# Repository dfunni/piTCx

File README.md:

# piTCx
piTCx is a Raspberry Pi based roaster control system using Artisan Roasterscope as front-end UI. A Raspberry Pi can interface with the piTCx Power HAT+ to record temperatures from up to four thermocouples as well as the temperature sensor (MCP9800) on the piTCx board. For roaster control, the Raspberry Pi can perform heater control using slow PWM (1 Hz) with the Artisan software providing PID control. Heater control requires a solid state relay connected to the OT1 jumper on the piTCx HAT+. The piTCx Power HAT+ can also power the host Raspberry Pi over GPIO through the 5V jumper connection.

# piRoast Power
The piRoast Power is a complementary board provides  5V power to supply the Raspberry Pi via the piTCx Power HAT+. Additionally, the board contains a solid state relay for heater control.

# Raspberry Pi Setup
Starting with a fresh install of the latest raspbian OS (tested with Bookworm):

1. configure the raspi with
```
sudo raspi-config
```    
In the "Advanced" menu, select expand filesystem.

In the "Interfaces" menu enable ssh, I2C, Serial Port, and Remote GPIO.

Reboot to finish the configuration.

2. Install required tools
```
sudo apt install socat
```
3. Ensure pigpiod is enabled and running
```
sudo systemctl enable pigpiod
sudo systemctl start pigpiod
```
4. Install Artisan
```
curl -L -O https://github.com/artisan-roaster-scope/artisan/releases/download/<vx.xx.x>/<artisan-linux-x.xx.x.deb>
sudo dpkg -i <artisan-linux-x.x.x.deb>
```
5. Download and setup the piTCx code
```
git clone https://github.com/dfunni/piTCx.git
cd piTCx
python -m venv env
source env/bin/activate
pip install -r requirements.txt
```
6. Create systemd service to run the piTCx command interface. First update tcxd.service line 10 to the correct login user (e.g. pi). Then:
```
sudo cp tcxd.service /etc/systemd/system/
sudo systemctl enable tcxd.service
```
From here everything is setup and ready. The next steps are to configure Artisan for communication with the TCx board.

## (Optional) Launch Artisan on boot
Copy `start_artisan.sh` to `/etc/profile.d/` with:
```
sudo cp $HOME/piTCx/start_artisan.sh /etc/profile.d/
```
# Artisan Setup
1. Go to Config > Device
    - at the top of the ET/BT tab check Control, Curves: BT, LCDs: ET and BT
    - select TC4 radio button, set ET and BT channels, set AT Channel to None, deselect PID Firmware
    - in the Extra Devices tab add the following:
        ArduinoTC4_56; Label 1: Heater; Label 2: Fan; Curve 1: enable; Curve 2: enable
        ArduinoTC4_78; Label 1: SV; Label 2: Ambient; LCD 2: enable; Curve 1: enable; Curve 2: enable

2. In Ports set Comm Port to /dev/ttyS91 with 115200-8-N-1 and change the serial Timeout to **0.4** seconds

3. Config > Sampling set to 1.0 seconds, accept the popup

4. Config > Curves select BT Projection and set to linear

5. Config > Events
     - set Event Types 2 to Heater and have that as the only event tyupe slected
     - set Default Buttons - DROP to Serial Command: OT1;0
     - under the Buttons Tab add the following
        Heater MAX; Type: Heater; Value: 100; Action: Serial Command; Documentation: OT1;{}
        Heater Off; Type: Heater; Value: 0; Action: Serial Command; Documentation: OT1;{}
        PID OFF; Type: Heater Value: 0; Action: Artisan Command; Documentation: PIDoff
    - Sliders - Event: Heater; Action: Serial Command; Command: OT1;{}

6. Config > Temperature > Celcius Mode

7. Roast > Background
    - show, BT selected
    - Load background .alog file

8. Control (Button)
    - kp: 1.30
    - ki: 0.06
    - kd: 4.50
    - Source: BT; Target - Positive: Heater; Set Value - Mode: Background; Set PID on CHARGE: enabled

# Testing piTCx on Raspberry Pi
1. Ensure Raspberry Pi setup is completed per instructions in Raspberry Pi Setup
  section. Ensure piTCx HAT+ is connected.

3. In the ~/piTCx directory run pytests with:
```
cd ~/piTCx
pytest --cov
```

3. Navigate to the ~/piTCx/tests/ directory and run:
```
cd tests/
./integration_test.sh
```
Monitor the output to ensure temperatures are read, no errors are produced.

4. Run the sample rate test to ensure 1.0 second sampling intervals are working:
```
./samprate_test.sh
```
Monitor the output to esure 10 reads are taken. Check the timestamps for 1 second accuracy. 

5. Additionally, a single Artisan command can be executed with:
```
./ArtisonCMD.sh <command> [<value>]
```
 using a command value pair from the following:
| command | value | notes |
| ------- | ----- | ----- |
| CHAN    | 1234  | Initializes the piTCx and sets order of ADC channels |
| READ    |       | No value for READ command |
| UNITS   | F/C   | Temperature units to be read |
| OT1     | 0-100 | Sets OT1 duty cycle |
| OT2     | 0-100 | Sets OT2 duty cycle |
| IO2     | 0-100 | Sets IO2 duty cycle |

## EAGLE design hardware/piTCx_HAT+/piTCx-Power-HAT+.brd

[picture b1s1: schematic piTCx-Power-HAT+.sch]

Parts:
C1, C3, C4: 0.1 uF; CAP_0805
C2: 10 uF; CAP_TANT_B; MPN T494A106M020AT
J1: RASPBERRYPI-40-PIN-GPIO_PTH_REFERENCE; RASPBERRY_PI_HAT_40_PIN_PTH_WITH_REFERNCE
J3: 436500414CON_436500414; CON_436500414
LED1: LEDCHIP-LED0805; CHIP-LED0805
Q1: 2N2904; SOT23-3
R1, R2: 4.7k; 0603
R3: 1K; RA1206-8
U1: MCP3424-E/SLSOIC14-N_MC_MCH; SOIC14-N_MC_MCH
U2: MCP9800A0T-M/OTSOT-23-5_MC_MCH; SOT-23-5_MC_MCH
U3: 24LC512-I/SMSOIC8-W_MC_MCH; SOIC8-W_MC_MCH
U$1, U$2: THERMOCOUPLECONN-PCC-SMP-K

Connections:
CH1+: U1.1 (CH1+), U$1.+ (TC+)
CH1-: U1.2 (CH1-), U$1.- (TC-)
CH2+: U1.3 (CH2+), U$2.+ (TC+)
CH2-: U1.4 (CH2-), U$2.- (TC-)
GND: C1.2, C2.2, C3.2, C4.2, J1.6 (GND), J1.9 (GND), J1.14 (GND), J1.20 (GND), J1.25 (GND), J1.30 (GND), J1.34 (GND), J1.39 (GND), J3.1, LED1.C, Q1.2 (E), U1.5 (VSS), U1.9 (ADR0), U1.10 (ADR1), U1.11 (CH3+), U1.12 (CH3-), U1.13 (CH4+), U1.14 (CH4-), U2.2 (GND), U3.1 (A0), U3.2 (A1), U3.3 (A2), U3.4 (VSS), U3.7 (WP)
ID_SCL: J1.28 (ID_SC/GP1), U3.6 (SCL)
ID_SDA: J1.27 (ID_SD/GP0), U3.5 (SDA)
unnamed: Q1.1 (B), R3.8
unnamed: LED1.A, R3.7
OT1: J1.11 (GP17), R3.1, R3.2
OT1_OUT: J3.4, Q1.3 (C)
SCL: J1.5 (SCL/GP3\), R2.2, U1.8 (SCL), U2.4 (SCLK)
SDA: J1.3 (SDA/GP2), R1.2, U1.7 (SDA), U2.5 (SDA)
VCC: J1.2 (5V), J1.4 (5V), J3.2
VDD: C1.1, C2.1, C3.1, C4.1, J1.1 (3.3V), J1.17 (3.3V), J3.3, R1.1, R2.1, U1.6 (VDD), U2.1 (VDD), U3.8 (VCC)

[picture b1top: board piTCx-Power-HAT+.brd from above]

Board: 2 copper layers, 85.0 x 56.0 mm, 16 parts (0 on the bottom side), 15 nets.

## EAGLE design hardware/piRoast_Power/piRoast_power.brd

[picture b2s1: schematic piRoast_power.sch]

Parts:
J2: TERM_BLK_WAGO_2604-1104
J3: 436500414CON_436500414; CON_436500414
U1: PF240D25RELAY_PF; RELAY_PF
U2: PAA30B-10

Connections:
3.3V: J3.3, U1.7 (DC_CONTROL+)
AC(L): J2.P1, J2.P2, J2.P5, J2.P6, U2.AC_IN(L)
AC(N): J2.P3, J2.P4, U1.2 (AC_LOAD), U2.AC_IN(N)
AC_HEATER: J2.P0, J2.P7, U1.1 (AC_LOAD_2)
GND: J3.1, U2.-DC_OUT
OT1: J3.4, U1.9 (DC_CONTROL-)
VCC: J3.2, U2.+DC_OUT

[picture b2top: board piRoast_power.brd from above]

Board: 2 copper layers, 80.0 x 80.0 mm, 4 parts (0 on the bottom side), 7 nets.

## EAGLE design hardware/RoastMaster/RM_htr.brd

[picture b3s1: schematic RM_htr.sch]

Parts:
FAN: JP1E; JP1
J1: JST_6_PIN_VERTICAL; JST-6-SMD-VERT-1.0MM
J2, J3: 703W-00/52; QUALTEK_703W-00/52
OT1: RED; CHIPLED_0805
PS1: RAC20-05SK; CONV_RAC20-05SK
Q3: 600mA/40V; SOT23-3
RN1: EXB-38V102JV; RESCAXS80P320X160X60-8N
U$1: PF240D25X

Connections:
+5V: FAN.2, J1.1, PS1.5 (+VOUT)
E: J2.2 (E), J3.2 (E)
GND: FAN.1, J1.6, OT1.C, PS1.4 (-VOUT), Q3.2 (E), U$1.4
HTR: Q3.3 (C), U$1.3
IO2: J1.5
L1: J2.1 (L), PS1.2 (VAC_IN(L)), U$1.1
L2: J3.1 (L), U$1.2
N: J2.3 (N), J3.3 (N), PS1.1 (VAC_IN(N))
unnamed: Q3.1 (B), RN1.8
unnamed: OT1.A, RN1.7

+ + +

- [YOUR TASK]:
Give back, word for word, only the lines above from the line holding "Q1: 2N2904; SOT23-3" to the line holding "CH1-: U1.2 (CH1-), U$1.- (TC-)", both included.

- [ANSWER BOX]:
Q1: 2N2904; SOT23-3
R1, R2: 4.7k; 0603
R3: 1K; RA1206-8
U1: MCP3424-E/SLSOIC14-N_MC_MCH; SOIC14-N_MC_MCH
U2: MCP9800A0T-M/OTSOT-23-5_MC_MCH; SOT-23-5_MC_MCH
U3: 24LC512-I/SMSOIC8-W_MC_MCH; SOIC8-W_MC_MCH
U$1, U$2: THERMOCOUPLECONN-PCC-SMP-K

Connections:
CH1+: U1.1 (CH1+), U$1.+ (TC+)
CH1-: U1.2 (CH1-), U$1.- (TC-)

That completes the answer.